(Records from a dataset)
⁂

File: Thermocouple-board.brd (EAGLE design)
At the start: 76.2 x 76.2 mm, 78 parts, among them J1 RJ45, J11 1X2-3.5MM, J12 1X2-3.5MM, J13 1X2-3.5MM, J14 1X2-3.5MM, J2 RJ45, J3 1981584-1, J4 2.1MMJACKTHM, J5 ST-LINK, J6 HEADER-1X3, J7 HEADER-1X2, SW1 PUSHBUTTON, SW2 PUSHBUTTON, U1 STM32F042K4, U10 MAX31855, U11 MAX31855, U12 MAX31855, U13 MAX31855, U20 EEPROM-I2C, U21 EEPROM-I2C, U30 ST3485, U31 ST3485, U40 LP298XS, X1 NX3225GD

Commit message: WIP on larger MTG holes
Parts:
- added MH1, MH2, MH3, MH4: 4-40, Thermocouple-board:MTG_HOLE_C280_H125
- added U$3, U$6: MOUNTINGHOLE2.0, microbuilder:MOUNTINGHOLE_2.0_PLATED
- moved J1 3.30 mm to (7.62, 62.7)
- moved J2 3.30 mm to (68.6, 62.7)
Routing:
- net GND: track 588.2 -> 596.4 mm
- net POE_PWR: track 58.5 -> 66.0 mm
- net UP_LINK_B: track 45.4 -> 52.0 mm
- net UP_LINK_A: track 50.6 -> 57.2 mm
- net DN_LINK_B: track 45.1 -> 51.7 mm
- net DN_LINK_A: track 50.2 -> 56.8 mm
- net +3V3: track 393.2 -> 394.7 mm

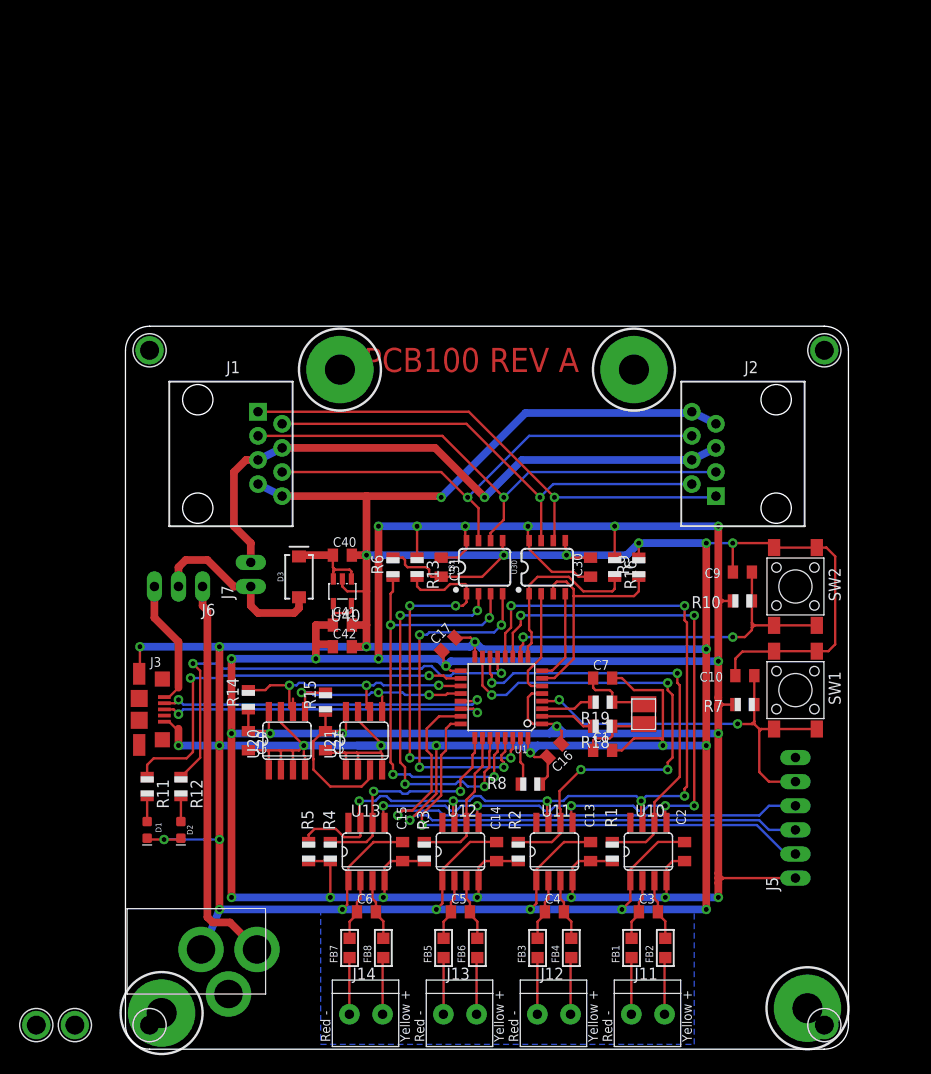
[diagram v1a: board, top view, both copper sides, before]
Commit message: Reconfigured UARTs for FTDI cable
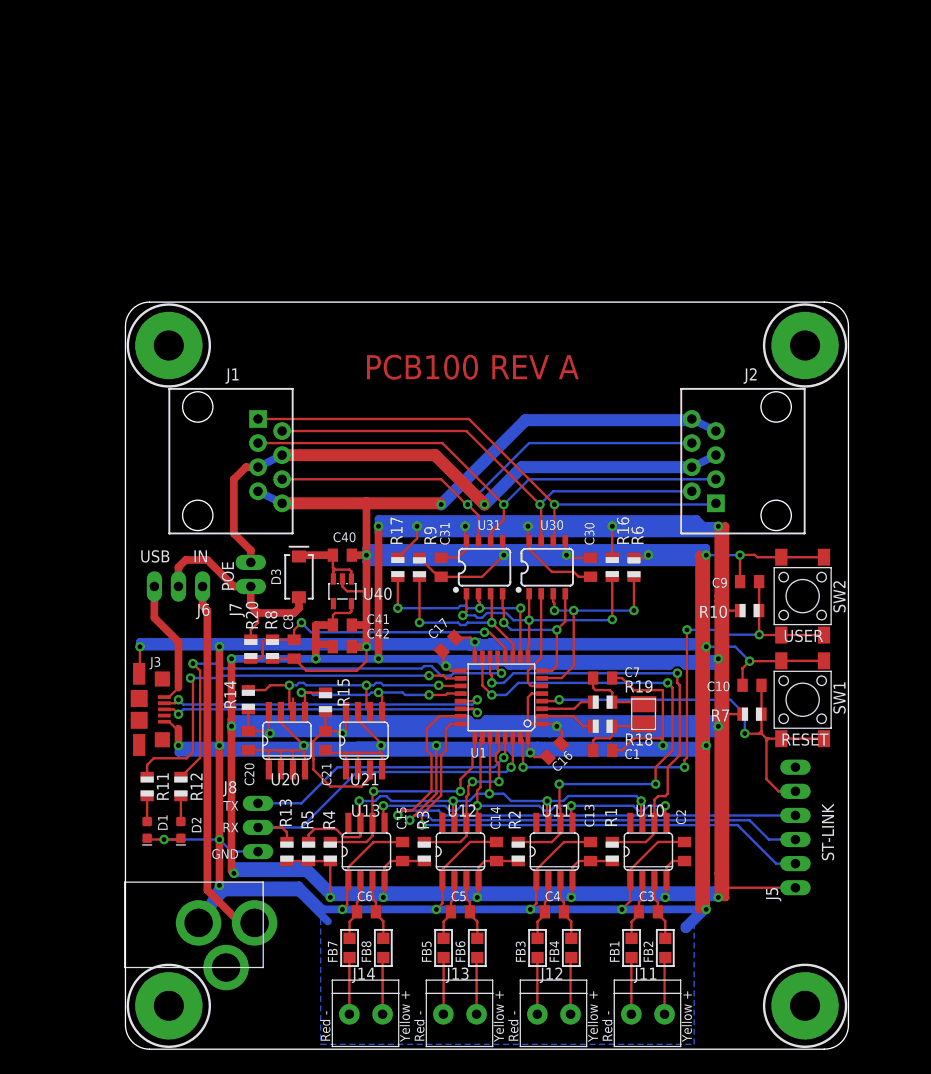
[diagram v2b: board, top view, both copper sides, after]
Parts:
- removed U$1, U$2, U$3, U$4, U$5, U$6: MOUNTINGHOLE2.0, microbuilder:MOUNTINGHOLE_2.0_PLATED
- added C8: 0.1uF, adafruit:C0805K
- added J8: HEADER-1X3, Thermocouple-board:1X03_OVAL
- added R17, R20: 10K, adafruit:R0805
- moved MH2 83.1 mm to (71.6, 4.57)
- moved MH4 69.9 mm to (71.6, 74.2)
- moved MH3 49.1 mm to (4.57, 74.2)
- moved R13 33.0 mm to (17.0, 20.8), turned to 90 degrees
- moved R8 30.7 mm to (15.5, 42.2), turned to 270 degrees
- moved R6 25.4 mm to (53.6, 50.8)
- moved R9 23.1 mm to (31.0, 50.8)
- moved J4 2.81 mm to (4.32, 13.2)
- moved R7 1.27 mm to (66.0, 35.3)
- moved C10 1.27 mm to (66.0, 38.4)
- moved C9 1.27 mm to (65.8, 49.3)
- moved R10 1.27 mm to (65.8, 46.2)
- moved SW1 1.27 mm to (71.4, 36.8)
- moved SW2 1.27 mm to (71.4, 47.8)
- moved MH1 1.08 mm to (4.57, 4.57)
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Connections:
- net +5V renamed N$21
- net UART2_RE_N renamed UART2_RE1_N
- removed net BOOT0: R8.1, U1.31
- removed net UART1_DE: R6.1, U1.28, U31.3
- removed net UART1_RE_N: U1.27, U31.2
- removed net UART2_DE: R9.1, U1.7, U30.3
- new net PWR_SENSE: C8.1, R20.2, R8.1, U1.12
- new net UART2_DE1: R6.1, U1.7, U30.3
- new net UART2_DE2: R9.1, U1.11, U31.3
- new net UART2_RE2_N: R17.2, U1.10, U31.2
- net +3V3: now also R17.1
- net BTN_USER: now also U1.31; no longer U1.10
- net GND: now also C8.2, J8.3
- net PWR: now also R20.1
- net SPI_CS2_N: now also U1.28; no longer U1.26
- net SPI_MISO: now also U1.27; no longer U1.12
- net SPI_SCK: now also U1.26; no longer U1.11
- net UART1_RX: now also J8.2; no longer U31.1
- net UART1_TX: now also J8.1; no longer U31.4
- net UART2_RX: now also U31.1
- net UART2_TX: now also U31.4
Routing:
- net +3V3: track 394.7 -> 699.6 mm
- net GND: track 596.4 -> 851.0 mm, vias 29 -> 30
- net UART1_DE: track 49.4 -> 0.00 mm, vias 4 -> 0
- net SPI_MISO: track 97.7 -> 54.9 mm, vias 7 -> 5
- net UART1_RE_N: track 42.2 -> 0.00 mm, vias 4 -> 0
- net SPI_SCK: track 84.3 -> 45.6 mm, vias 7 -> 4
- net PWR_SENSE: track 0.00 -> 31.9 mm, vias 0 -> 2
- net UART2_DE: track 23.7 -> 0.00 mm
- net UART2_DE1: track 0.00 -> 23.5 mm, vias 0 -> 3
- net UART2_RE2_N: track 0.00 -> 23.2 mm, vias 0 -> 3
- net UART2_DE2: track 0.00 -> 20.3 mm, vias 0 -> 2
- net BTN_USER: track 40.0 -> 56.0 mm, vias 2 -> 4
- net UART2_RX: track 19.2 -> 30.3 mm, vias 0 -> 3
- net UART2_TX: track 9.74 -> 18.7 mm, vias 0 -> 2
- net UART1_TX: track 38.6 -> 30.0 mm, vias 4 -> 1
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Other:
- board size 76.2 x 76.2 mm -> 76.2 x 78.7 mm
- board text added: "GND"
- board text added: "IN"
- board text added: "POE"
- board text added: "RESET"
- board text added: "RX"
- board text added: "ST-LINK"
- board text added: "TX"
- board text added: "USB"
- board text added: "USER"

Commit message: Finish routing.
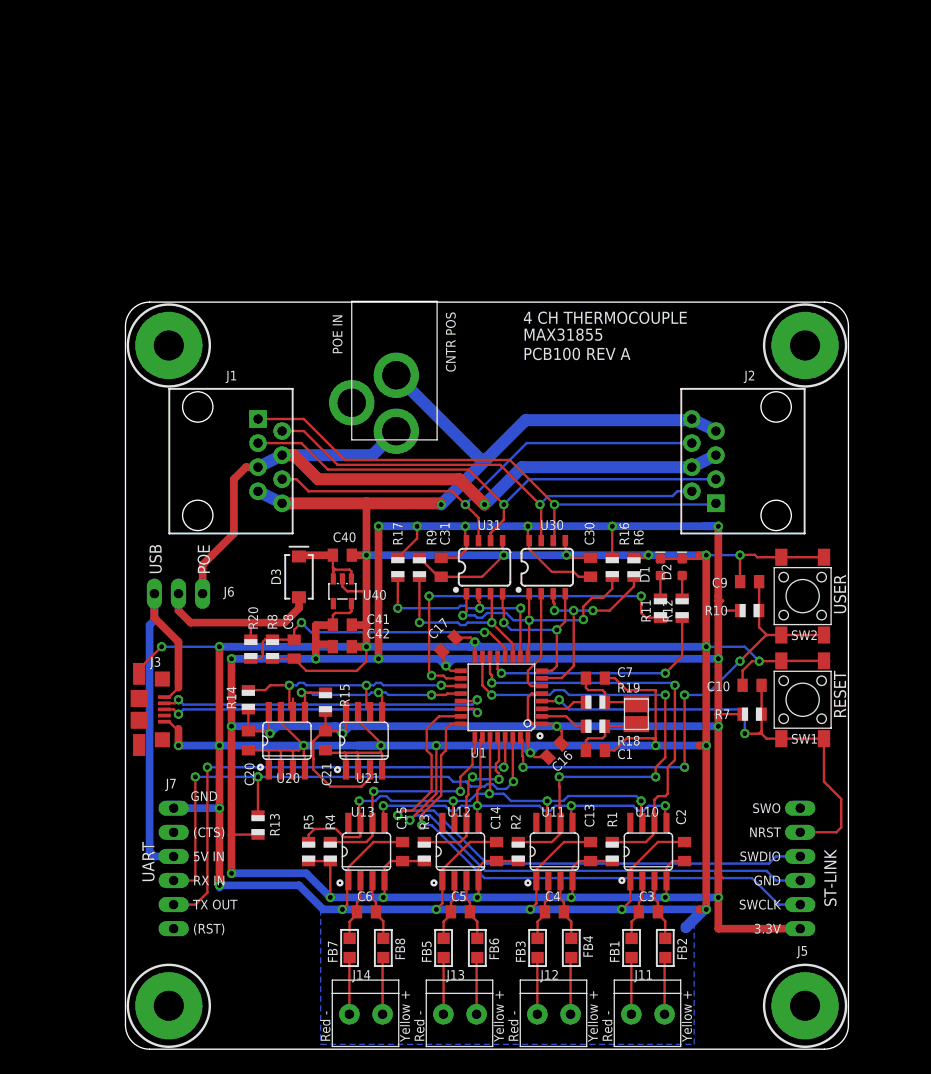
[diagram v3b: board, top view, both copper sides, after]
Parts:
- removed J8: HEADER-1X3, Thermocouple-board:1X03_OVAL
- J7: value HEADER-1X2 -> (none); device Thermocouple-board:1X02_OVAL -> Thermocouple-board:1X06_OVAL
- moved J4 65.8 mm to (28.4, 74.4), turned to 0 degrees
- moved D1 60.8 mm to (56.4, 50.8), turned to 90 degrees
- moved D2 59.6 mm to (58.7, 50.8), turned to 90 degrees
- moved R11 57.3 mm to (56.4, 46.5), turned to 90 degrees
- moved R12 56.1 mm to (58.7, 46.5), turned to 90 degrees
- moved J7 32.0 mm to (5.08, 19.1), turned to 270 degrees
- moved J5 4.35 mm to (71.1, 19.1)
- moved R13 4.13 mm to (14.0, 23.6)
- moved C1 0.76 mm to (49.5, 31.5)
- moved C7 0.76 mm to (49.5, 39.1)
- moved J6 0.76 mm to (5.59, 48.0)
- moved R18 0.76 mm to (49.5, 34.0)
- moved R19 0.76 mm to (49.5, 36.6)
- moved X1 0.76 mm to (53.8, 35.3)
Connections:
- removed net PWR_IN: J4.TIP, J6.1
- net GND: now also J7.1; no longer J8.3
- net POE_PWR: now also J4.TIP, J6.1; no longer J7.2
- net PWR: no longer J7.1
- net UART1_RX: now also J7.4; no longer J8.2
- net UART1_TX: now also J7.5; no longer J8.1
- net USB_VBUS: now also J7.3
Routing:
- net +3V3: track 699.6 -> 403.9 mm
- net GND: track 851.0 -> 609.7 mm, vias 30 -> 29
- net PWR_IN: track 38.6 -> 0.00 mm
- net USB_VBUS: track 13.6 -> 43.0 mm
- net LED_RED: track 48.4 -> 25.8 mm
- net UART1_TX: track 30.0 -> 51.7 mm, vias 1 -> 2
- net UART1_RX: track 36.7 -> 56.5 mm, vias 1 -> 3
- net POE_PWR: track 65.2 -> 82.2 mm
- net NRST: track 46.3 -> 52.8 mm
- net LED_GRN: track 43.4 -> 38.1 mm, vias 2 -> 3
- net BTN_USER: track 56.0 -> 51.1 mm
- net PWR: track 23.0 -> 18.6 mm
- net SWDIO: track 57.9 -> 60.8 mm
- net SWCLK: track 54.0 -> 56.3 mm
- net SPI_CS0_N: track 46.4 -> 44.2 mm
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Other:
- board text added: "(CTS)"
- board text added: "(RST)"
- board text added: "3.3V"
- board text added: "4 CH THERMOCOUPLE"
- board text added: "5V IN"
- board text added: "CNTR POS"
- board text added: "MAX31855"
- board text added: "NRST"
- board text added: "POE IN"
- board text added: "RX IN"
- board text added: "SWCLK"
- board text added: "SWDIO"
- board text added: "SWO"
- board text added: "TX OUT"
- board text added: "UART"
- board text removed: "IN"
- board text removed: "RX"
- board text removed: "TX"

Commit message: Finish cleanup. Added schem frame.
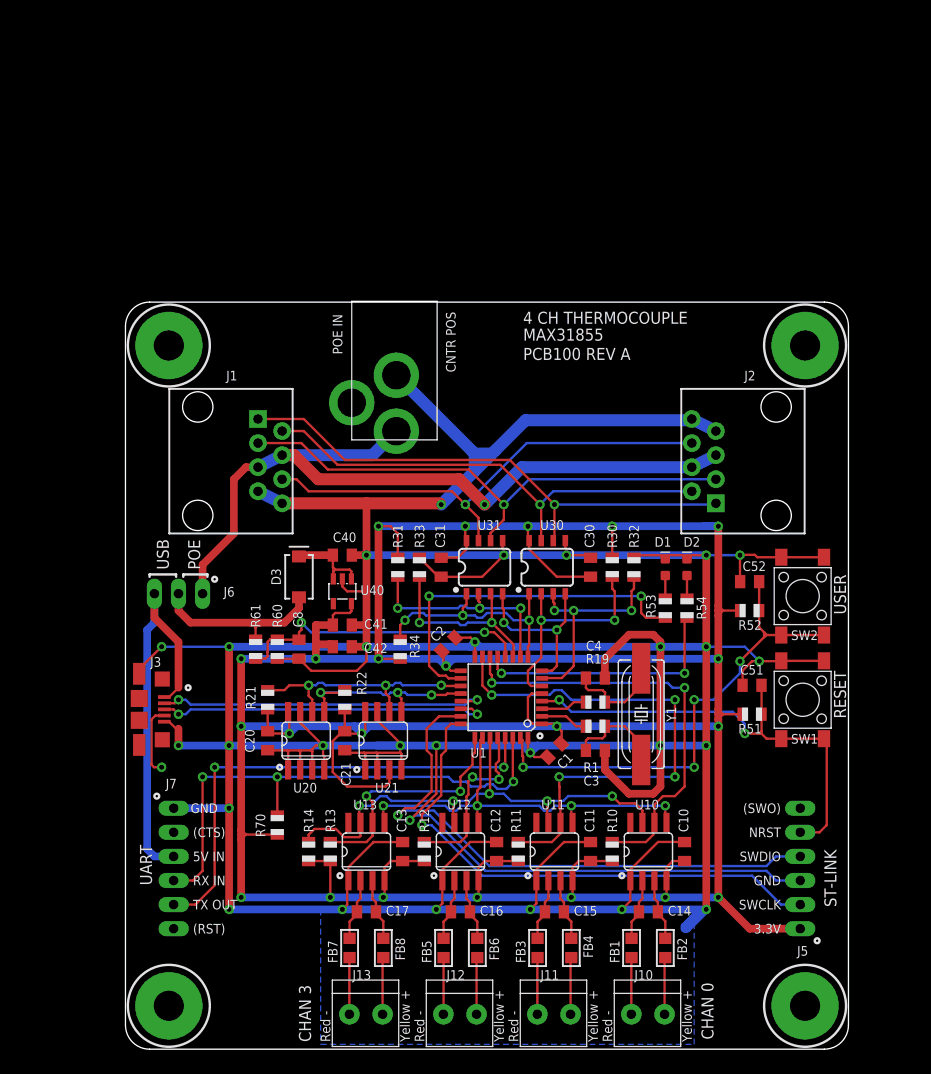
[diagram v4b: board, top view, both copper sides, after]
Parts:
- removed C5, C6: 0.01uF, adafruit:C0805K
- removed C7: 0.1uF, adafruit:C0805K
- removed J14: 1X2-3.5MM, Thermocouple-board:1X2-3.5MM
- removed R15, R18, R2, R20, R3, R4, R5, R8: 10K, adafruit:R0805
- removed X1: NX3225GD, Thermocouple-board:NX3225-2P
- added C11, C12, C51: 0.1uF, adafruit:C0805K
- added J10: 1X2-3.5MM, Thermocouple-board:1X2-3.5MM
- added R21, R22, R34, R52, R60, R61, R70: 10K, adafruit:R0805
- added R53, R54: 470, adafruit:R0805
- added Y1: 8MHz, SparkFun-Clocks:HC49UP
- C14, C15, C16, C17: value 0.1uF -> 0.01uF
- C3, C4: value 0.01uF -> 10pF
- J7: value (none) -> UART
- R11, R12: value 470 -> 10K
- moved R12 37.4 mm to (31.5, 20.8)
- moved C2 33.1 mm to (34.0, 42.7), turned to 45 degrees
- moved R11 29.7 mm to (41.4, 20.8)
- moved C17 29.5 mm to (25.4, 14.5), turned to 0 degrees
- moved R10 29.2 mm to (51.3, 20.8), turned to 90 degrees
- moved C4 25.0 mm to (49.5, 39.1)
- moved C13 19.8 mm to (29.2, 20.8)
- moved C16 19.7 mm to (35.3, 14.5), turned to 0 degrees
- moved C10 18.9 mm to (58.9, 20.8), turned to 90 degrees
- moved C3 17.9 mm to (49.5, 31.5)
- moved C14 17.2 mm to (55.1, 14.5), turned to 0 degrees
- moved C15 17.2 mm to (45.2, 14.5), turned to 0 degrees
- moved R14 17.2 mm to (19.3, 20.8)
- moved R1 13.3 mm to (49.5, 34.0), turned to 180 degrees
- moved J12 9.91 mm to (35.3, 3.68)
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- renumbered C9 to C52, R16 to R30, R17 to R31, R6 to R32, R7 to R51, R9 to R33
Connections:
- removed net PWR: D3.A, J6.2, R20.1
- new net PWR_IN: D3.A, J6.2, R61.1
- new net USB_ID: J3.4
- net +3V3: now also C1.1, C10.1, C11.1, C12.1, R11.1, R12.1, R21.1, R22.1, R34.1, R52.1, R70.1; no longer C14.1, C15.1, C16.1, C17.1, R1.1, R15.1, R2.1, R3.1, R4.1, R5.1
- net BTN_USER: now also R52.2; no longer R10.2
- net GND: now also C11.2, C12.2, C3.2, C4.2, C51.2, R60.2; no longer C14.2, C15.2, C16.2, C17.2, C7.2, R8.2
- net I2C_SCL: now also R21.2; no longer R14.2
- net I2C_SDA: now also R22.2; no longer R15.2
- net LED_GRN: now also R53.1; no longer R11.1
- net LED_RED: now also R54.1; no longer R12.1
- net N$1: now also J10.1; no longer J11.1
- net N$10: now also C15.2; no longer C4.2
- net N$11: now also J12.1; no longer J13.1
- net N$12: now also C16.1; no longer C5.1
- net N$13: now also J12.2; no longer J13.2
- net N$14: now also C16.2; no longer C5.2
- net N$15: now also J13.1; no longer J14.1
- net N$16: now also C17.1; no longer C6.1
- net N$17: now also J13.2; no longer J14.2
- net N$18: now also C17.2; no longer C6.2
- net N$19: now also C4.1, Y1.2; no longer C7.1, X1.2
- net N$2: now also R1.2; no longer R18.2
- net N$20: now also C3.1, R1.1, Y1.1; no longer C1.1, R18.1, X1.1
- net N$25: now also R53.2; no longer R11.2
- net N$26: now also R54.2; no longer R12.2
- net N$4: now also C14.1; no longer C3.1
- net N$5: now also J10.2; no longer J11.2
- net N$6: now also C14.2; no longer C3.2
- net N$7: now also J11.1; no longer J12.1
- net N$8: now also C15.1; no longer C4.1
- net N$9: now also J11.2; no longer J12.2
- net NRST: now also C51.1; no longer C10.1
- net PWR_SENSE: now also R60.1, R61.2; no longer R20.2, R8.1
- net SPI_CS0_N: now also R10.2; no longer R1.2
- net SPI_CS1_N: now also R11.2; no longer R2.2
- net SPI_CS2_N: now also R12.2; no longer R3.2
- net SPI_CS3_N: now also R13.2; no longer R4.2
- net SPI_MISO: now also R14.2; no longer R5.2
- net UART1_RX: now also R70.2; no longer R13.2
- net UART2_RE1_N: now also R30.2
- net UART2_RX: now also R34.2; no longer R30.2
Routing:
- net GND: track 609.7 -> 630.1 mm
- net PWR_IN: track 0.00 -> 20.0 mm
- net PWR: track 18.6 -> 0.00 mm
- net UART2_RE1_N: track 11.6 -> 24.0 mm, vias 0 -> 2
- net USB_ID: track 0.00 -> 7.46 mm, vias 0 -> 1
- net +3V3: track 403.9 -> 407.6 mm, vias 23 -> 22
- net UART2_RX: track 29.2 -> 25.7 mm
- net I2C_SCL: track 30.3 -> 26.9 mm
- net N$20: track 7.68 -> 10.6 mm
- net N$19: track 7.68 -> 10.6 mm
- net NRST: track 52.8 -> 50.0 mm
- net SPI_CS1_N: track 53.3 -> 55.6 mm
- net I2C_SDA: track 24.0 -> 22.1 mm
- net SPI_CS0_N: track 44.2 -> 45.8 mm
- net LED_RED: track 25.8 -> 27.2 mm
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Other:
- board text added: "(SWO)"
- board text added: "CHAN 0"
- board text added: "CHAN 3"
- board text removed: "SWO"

⁂

*ASSIGNED TASK*
Using the records above, print exactly the run of lines that starts with the line with "- new net UART2_DE1: R6.1, U1.7, U30.3" and goes on through the line with "- moved R12 56.1", pictures excluded.

*ANSWER BOX*
- new net UART2_DE1: R6.1, U1.7, U30.3
- new net UART2_DE2: R9.1, U1.11, U31.3
- new net UART2_RE2_N: R17.2, U1.10, U31.2
- net +3V3: now also R17.1
- net BTN_USER: now also U1.31; no longer U1.10
- net GND: now also C8.2, J8.3
- net PWR: now also R20.1
- net SPI_CS2_N: now also U1.28; no longer U1.26
- net SPI_MISO: now also U1.27; no longer U1.12
- net SPI_SCK: now also U1.26; no longer U1.11
- net UART1_RX: now also J8.2; no longer U31.1
- net UART1_TX: now also J8.1; no longer U31.4
- net UART2_RX: now also U31.1
- net UART2_TX: now also U31.4
Routing:
- net +3V3: track 394.7 -> 699.6 mm
- net GND: track 596.4 -> 851.0 mm, vias 29 -> 30
- net UART1_DE: track 49.4 -> 0.00 mm, vias 4 -> 0
- net SPI_MISO: track 97.7 -> 54.9 mm, vias 7 -> 5
- net UART1_RE_N: track 42.2 -> 0.00 mm, vias 4 -> 0
- net SPI_SCK: track 84.3 -> 45.6 mm, vias 7 -> 4
- net PWR_SENSE: track 0.00 -> 31.9 mm, vias 0 -> 2
- net UART2_DE: track 23.7 -> 0.00 mm
- net UART2_DE1: track 0.00 -> 23.5 mm, vias 0 -> 3
- net UART2_RE2_N: track 0.00 -> 23.2 mm, vias 0 -> 3
- net UART2_DE2: track 0.00 -> 20.3 mm, vias 0 -> 2
- net BTN_USER: track 40.0 -> 56.0 mm, vias 2 -> 4
- net UART2_RX: track 19.2 -> 30.3 mm, vias 0 -> 3
- net UART2_TX: track 9.74 -> 18.7 mm, vias 0 -> 2
- net UART1_TX: track 38.6 -> 30.0 mm, vias 4 -> 1
Other:
- board size 76.2 x 76.2 mm -> 76.2 x 78.7 mm
- board text added: "GND"
- board text added: "IN"
- board text added: "POE"
- board text added: "RESET"
- board text added: "RX"
- board text added: "ST-LINK"
- board text added: "TX"
- board text added: "USB"
- board text added: "USER"

Commit message: Finish routing.
[diagram v3b: board, top view, both copper sides, after]
Parts:
- removed J8: HEADER-1X3, Thermocouple-board:1X03_OVAL
- J7: value HEADER-1X2 -> (none); device Thermocouple-board:1X02_OVAL -> Thermocouple-board:1X06_OVAL
- moved J4 65.8 mm to (28.4, 74.4), turned to 0 degrees
- moved D1 60.8 mm to (56.4, 50.8), turned to 90 degrees
- moved D2 59.6 mm to (58.7, 50.8), turned to 90 degrees
- moved R11 57.3 mm to (56.4, 46.5), turned to 90 degrees
- moved R12 56.1 mm to (58.7, 46.5), turned to 90 degrees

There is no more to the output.